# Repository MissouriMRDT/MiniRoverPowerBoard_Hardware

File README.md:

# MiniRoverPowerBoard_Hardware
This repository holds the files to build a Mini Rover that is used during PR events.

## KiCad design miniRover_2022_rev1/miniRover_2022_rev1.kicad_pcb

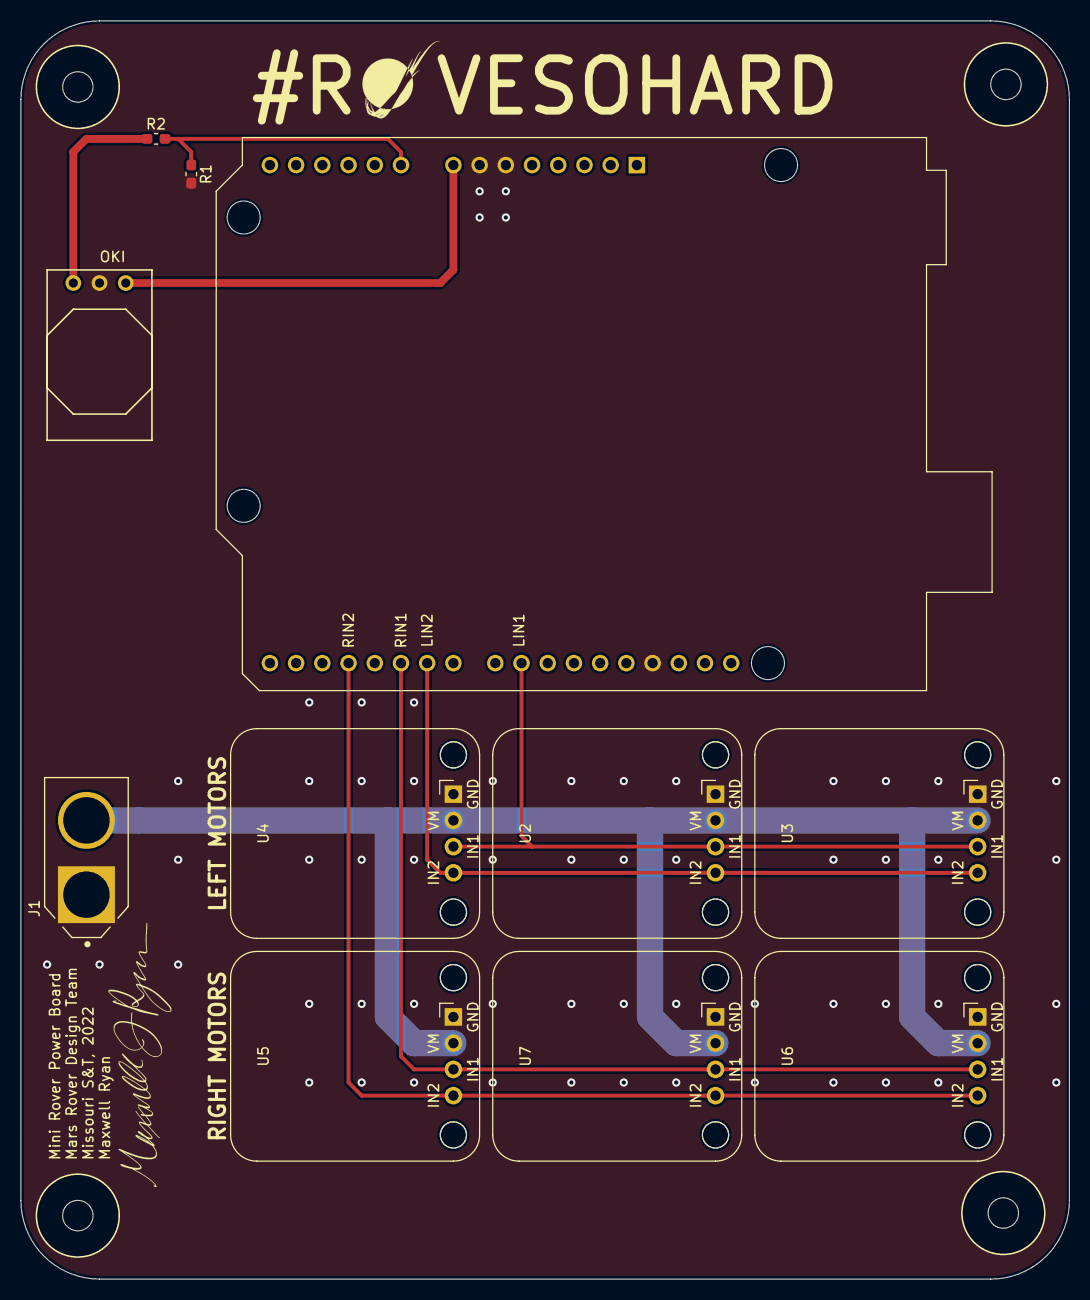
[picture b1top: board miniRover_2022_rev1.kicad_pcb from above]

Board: 2 copper layers, 101.6 x 121.9 mm, 11 parts (1 on the bottom side), 8 nets.

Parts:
A1: Arduino_UNO_R3; Arduino_UNO_R3_WithMountingHoles
J1: XT60-M; AMASS_XT60-M
R1: 1k; R_0603_1608Metric_Pad1.05x0.95mm_HandSolder
R2: 2k; R_0603_1608Metric_Pad1.05x0.95mm_HandSolder
U1: OKI; OKI_Horizontal
U2, U3, U4, U5, U6, U7: DRV8871-Breakout-PCB

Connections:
+5V: A1.8, U1.3
+12V: J1.2, R2.1, U1.1, U2.2, U3.2, U4.2, U5.2, U6.2, U7.2
/motorControllers/LIN1: A1.24, U2.3, U3.3, U4.3
/motorControllers/LIN2: A1.21, U2.4, U3.4, U4.4
/motorControllers/RIN1: A1.20, U5.3, U6.3, U7.3
/motorControllers/RIN2: A1.18, U5.4, U6.4, U7.4
GND: A1.6, A1.7, A1.29, J1.1, R1.2, U1.2, U2.1, U3.1, U4.1, U5.1, U6.1, U7.1
unnamed: A1.9, R1.1, R2.2

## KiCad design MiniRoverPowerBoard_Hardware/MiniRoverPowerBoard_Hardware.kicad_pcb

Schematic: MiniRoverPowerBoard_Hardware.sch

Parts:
B1: Buzzer; BUZZER_SMI_1324_TW_5V_2_R
C1, C4, C8, C9, C10, C11, C12: 10u; C_0603_1608Metric_Pad1.05x0.95mm_HandSolder
C2: 1n; C_0603_1608Metric_Pad1.05x0.95mm_HandSolder
C5, C6: 470u; CP_Radial_D8.0mm_P3.50mm
Conn1, Conn2, Conn3, Conn4: AndersonPP; Anderson_2_Horizontal_Side_by_Side
Conn5: E_STOP; MOLEX_SL_02_Vertical
Conn6: Molex_SL_07; MOLEX_SL_07_Vertical
Conn7: Molex_SL_03; MOLEX_SL_03_Vertical
Conn8: Molex_SL_02; MOLEX_SL_02_Vertical
Conn9, Conn10: Molex_SL_04; MOLEX_SL_04_Vertical
D1, D9: 4.7V_Zener; D_SOD-123
D2, D3, D4, D5, D6, D10, D11: LED; LED_0603_1608Metric_Pad1.05x0.95mm_HandSolder
D8: D_Schottky; D_0603_1608Metric_Pad1.05x0.95mm_HandSolder
F1: 35A_Fuse; ATC_Fuse_Block
L2: 47uH; CP_Radial_D5.0mm_P2.00mm
Q1, Q2, Q4: Q_NMOS_GSD; SOT-323_SC-70_Handsoldering
Q3: Q_PMOS_GDS; TO-252-2
R1, R2, R3, R4, R5, R6: 1k; R_0603_1608Metric_Pad1.05x0.95mm_HandSolder
R7, R10, R13, R14, R25: 10k; R_0603_1608Metric_Pad1.05x0.95mm_HandSolder
R8, R22: 21k; R_0603_1608Metric_Pad1.05x0.95mm_HandSolder
R9, R23: 26.7k; R_0603_1608Metric_Pad1.05x0.95mm_HandSolder
R11: 30k; R_0603_1608Metric_Pad1.05x0.95mm_HandSolder
R12: 13k; R_0603_1608Metric_Pad1.05x0.95mm_HandSolder
R15, R26: 0; R_0603_1608Metric_Pad1.05x0.95mm_HandSolder
R16, R17, R19, R20, R21, R24: 510; R_0603_1608Metric_Pad1.05x0.95mm_HandSolder
R18: 100; R_0603_1608Metric_Pad1.05x0.95mm_HandSolder
SW1: Relay_SPST; MOLEX_SL_04_Vertical
SW2, SW3: SW_Push; SW_SPST_TL3305A
U1, U2: VNH5019A_E; MultiPowerSO_30
U3: ACS722xLCTR-40AU; SOIC-8_3.9x4.9mm_P1.27mm
U5: AP1509; SOIC-8_3.9x4.9mm_P1.27mm
U6: ARDUINO_MICRO_SHIELD

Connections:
+3V3: C1.2, R18.1, U1.5, U1.6, U1.9, U2.5, U2.6, U2.9, U3.8 (VCC), U6.3.3V
+5V: B1.1, C8.1, Conn6.1, Conn8.1, L2.2, R17.1, R26.2, SW1.2, SW2.1, SW3.1, U5.3
/5V_R: R26.1, U6.5V
/PVDD_IN1: Conn1.2, Conn2.2, F1.2
/PVDD_IN2: F1.1, U3.1 (IP+), U3.2 (IP+)
/PVDD_IN3: Q3.3, R11.1, SW1.3, U3.3 (IP-), U3.4 (IP-)
/VIN_R: R15.1, U6.VI
ACT_PWR: C5.1, C6.1, C9.1, C10.1, C11.1, C12.1, Conn9.1, Conn9.2, Conn10.1, Conn10.2, Q3.2, R16.1, R22.1, U1.3, U1.12, U1.13, U1.23, U1.32, U2.3, U2.12, U2.13, U2.23, U2.32
BUZZER_EN: Q4.1, R25.2, U6.2
CONTROLLER_ATT: Conn6.6, U6.A1
CONTROLLER_CLK: Conn6.4, U6.13
CONTROLLER_CMD: Conn6.5, U6.A0
CONTROLLER_DAT: Conn6.7, U6.A2
ESTOP_EN: Conn5.1, U6.3
GND: C1.1, C2.1, C4.2, C5.2, C6.2, C8.2, C9.2, C10.2, C11.2, C12.2, Conn1.1, Conn2.1, Conn6.2, Conn7.3, Conn8.2, Conn9.3, Conn9.4, Conn10.3, Conn10.4, D1.2, D2.1, D3.1, D4.1, D5.1, D6.1, D8.2, D9.2, D10.1, D11.1, Q1.2, Q2.2, Q4.2, R7.2, R9.2, R10.2, R13.2, R14.2, R23.2, R25.1, U1.18, U1.19, U1.20, U1.26, U1.27, U1.28, U2.18, U2.19, U2.20, U2.26, U2.27, U2.28, U3.5 (GND), U5.4, U5.5, U5.6, U5.7, U5.8, U6.GND
IN_A1: R1.1, U6.5
IN_A2: R4.1, U6.8
IN_B1: R3.1, U6.7
IN_B2: R6.1, U6.10
LEFT_PWM: R2.1, U6.6
LEFT_SW: R13.1, SW2.2, U6.12
LOGIC_PWR: C4.1, R8.1, R15.2, SW1.4, U5.1
LOG_SW_EN: Q1.1, R7.1, U6.4
unnamed: B1.2, Q4.3
unnamed: C2.2, U3.6 (BW_SEL)
unnamed: Conn5.2, Q2.1, R10.1
unnamed: D2.2, R16.2
unnamed: D3.2, R17.2
unnamed: D4.2, R18.2
unnamed: D5.2, R19.2
unnamed: D6.2, R20.2
unnamed: D8.1, L2.1, U5.2
unnamed: D10.2, R21.2
unnamed: D11.2, R24.2
unnamed: Q1.3, SW1.1
unnamed: Q2.3, R12.2
unnamed: Q3.1, R11.2, R12.1
unnamed: R1.2, U1.4
unnamed: R2.2, U1.7
unnamed: R3.2, U1.10
unnamed: R4.2, U2.4
unnamed: R5.2, U2.7
unnamed: R6.2, U2.10
OUT_A_LEFT: Conn3.1, R19.1, U1.1, U1.25, U1.30, U1.31
OUT_A_RIGHT: Conn4.1, R21.1, U2.1, U2.25, U2.30, U2.31
OUT_B_LEFT: Conn3.2, R20.1, U1.15, U1.16, U1.21, U1.33
OUT_B_RIGHT: Conn4.2, R24.1, U2.15, U2.16, U2.21, U2.33
PACK_IMEAS: U3.7 (VIOUT), U6.A5
RIGHT_PWM: R5.1, U6.9
RIGHT_SW: R14.1, SW3.2, U6.11
RX: Conn7.2, U6.RX
TX: Conn7.1, U6.TX
V_ACT_SENSE: D9.1, R22.2, R23.1, U6.A4
V_LOG_SENSE: D1.1, R8.2, R9.1, U6.A3

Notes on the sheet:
Power Control
Input
Current Measurment
Logic Power Switch
E-Stop
Output
Microcontroller
Buzzer
Drive Switches
Indication
Green
Left Motors
Right Motors
Motor Drivers
Orange
8.4V Max 7.4V Nominal 5.0V Min (Broken)
8.4V to 4.7V
16mA
13mA
10mA
Min Input Voltage: 4.5V 500mA limit due to inductor
5V Regulation
Controller Conn
Min Input Volatge: 7V
8.4V to 2.54V 6V to 1.81V
Serial Conn
Extra Outputs
12V
Sorry for these 12V connectors. Whole andersons for 12V extra busses on a mini rover are overkill. But I don't want to introduce a new connector outside our standards. So two pins on a Molex SL will get you 4A.

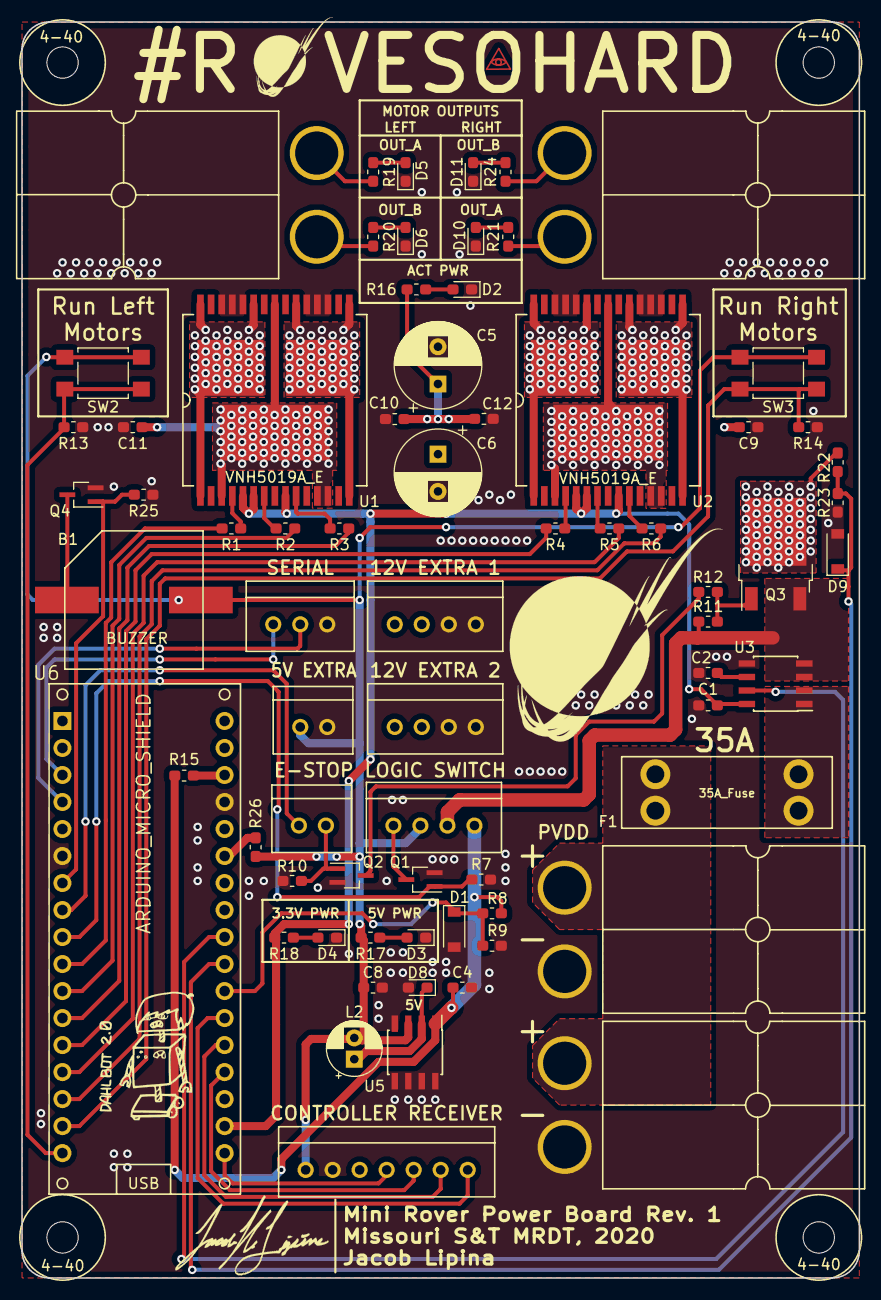
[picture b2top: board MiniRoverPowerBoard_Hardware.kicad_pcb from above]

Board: 2 copper layers, 78.7 x 118.1 mm, 71 parts (0 on the bottom side), 54 nets.

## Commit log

2019-10-25 Started Project and Schematic
2019-10-25 Finished Power Control, Started uC
2019-11-09 Added motor drivers, 3v3 buck, sw, uC assignments
    Next is to add remote control
2019-11-09 Added Controller Conn and Pins on uC
2019-11-13 Footprints assigned to symbols; Netlist generated
2019-11-13 All footprints correct and layout started
2019-11-14 Almost All Components Layed Out
2019-11-14 All Comps Placed; Adding more though :(
2019-11-21 Added Extra Buses & Started Polygons
2019-11-24 Majority of routing complete; few buses to go
2019-11-24 Layout & silkscreen complete; Ready for review
2019-12-11 Removed 3v3 AP1509 and changed voltage dividers
2019-12-13 Finished board changes for arduino pwr & added gerbs
2019-12-14 Finished BOM
2021-07-13 file structure and miniRover_2022_rev1 kicad project created
2021-07-13 mocos , oki, xt60 added to schematic
    added xt60 lib&footprint
2021-07-13 gnd planes added
2021-07-13 rev1 finished, will be reviewing over the following days
2021-07-14 fixed arduino footprint issue
    created proper netlist

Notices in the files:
parts and their libraries:
Copyright 2016 Accelerated Designs. All rights reserved.
***
_Action item_
State how many lines in the entries above hold the word "motorControllers", with no further text.

_Exercise output_
4